The English version of this post—Becoming Neil—was posted here on March 29, 2016. This Spanish translation is my own and may contain errors. I invite native speakers of the language to comment on my errors and to suggest corrections. Aquí está una traducción en español de Becoming Neil. Me gustaría que hispanohablantes quienes leen mis traducciones, por favor, me permitan saber mis errores y sugieran enmiendas.

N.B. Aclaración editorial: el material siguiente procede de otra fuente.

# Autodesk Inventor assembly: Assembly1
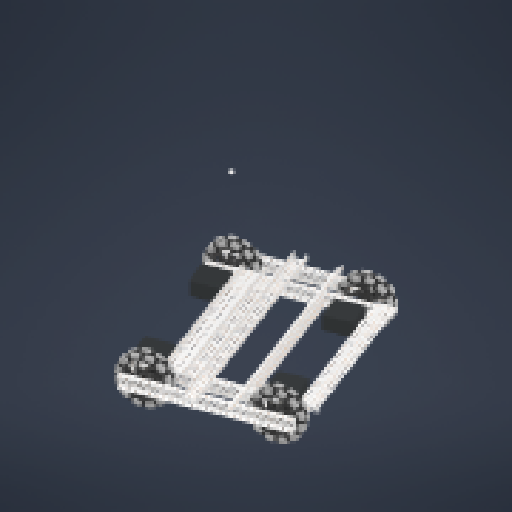
[picture p0: Inventor's stored thumbnail of the model, 512x512]
Saved by Autodesk Inventor 2023 (Build 270158000, 158)
## iProperties
Created: 2022-12-20
Part Number: Assembly1
Document SubType Name: Assembly
Designer: macbook
Author: macbook
## Documents named in this file (8)
- C:\Users\Windows Macbook\Desktop\tank.iam
- C:\Users\Windows Macbook\Documents\Inventor\Content Center Files\VEX-CAD-Inventor-1.4.0\Structure\C Channel\Aluminum 1x2x1\Alu C 1x2x1x25.ipt
- C:\Users\Windows Macbook\Documents\Inventor\Content Center Files\VEX-CAD-Inventor-1.4.0\Electronics\V5 Simple Motor.ipt
- C:\Users\Windows Macbook\Documents\Inventor\Content Center Files\VEX-CAD-Inventor-1.4.0\Motion\Shaft LS\Bearing Flat.ipt
- C:\Users\Windows Macbook\Documents\Inventor\Content Center Files\VEX-CAD-Inventor-1.4.0\Motion\Spacers\Spacer Nylon .313 OD\NSpacer .313 OD x .125.ipt
- C:\Users\macbook\Documents\Inventor\Content Center Files\VEX-CAD-Inventor-1.4.0\Motion\Spacers\Spacer Nylon .313 OD.ipt
- C:\Users\macbook\Documents\Inventor\Content Center Files\VEX-CAD-Inventor-1.4.0\Motion\Wheels\Omni Wheel.iam
- C:\Users\Windows Macbook\Documents\Inventor\Content Center Files\VEX-CAD-Inventor-1.4.0\Motion\Wheels\Omni Wheel\4 Omni, Square.iam
## Components (29 placed, 5 different names)
1. Alu C 1x2x1x25:1 — Insert:2, Insert:42, Insert:43, Insert:44, Insert:45, Insert:46, Insert:47, Insert:48, Insert:49
2. Alu C 1x2x1x25:2 — Insert:1, Insert:27, Insert:28, Insert:29, Insert:30, Insert:36, Insert:37, Insert:38, Insert:39
3. Alu C 1x2x1x25:3 — Insert:1, Insert:2
4. Alu C 1x2x1x25:5 — Insert:31, Insert:32, Insert:40, Insert:41
5. Alu C 1x2x1x25:6 — Insert:65, Insert:66, Insert:67, Insert:68
6. V5 Simple Motor:1 — Insert:44, Insert:45
7. V5 Simple Motor:2 — Insert:42, Insert:43
8. V5 Simple Motor:3 — Insert:36, Insert:37
9. V5 Simple Motor:4 — Insert:27, Insert:28
10. Bearing Flat:2 — Insert:29, Insert:30, Insert:33
11. Bearing Flat:3 — Insert:31, Insert:32, Insert:34
12. NSpacer .313 OD x .125:1 — Insert:33
13. NSpacer .313 OD x .125:2 — Insert:34, Insert:35
14. 4 Omni, Square:1 [sub-assembly] — Insert:35
15. Bearing Flat:4 — Insert:40, Insert:41, Insert:50
16. Bearing Flat:5 — Insert:38, Insert:39, Insert:51
17. Bearing Flat:7 — Insert:48, Insert:49, Insert:71
18. Bearing Flat:9 — Insert:46, Insert:47, Insert:69
19. NSpacer .313 OD x .125:3 — Insert:50, Insert:52
20. NSpacer .313 OD x .125:4 — Insert:51
21. 4 Omni, Square:2 [sub-assembly] — Insert:52
22. Bearing Flat:10 — Insert:65, Insert:66, Insert:70
23. Bearing Flat:11 — Insert:67, Insert:68, Insert:72
24. NSpacer .313 OD x .125:5 — Insert:71
25. NSpacer .313 OD x .125:6
26. NSpacer .313 OD x .125:7 — Insert:69
27. NSpacer .313 OD x .125:8 — Insert:70, Insert:73
28. 4 Omni, Square:3 [sub-assembly] — Insert:72
29. 4 Omni, Square:4 [sub-assembly] — Insert:73
## Relationships (37: Insert 37)
- Insert:1: Alu C 1x2x1x25:2 ↔ Alu C 1x2x1x25:3
- Insert:2: Alu C 1x2x1x25:1 ↔ Alu C 1x2x1x25:3
- Insert:27: Alu C 1x2x1x25:2 ↔ V5 Simple Motor:4
- Insert:28: Alu C 1x2x1x25:2 ↔ V5 Simple Motor:4
- Insert:29: Alu C 1x2x1x25:2 ↔ Bearing Flat:2
- Insert:30: Alu C 1x2x1x25:2 ↔ Bearing Flat:2
- Insert:31: Alu C 1x2x1x25:5 ↔ Bearing Flat:3
- Insert:32: Alu C 1x2x1x25:5 ↔ Bearing Flat:3
- Insert:33: Bearing Flat:2 ↔ NSpacer .313 OD x .125:1
- Insert:34: Bearing Flat:3 ↔ NSpacer .313 OD x .125:2
- Insert:35: NSpacer .313 OD x .125:2 ↔ 4 Omni, Square:1
- Insert:36: Alu C 1x2x1x25:2 ↔ V5 Simple Motor:3
- Insert:37: Alu C 1x2x1x25:2 ↔ V5 Simple Motor:3
- Insert:38: Alu C 1x2x1x25:2 ↔ Bearing Flat:5
- Insert:39: Alu C 1x2x1x25:2 ↔ Bearing Flat:5
- Insert:40: Alu C 1x2x1x25:5 ↔ Bearing Flat:4
- Insert:41: Alu C 1x2x1x25:5 ↔ Bearing Flat:4
- Insert:42: Alu C 1x2x1x25:1 ↔ V5 Simple Motor:2
- Insert:43: Alu C 1x2x1x25:1 ↔ V5 Simple Motor:2
- Insert:44: Alu C 1x2x1x25:1 ↔ V5 Simple Motor:1
- Insert:45: Alu C 1x2x1x25:1 ↔ V5 Simple Motor:1
- Insert:46: Alu C 1x2x1x25:1 ↔ Bearing Flat:9
- Insert:47: Alu C 1x2x1x25:1 ↔ Bearing Flat:9
- Insert:48: Alu C 1x2x1x25:1 ↔ Bearing Flat:7
- Insert:49: Alu C 1x2x1x25:1 ↔ Bearing Flat:7
- Insert:50: Bearing Flat:4 ↔ NSpacer .313 OD x .125:3
- Insert:51: Bearing Flat:5 ↔ NSpacer .313 OD x .125:4
- Insert:52: NSpacer .313 OD x .125:3 ↔ 4 Omni, Square:2
- Insert:65: Alu C 1x2x1x25:6 ↔ Bearing Flat:10
- Insert:66: Alu C 1x2x1x25:6 ↔ Bearing Flat:10
- Insert:67: Alu C 1x2x1x25:6 ↔ Bearing Flat:11
- Insert:68: Alu C 1x2x1x25:6 ↔ Bearing Flat:11
- Insert:69: Bearing Flat:9 ↔ NSpacer .313 OD x .125:7
- Insert:70: Bearing Flat:10 ↔ NSpacer .313 OD x .125:8
- Insert:71: Bearing Flat:7 ↔ NSpacer .313 OD x .125:5
- Insert:72: Bearing Flat:11 ↔ 4 Omni, Square:3
- Insert:73: NSpacer .313 OD x .125:8 ↔ 4 Omni, Square:4

En marzo 2016, tuve el privilegio de interpretando Neil en un comunidad teatro producción de La Calidad de Vida, una bellamente escrita obra por Jane Anderson. Neil y su esposa Jeanette están viviendo en una yurta en su propiedad en las Berkeley Colinas en California del Norte después de perdiendo su casa en un incendio forestal. Neil tiene cáncer, y sus opciones de tratamiento se han agotado. “Más que sufrir el tipo de prolongada, humillante y dolorosa muerte que es común con esta enfermedad, él ha eligido a tomar el más humano y dignificado camino de liberar.” Como él dice, él está “estirando la pata antes de la máquina empiece de estrellarse.”

La obra mira cómo nosotros percibimos muerte, duelo y fe. A su corazón, la obra es sobre encontrando comodidad y esperanza en cara de grande pérdida. Es un cuento que está dicho con humor, compasión, dolor y, sobre todo, amor. En proceso de haciendose Neil, he visto que la calidad de vida incluye tristeza  y que tristeza es lo que hace vida ser preciada. Yo puse a mi mismo en los zapatos de un agonizante hombre, que es, por supuesto, donde yo había estado todo el tiempo.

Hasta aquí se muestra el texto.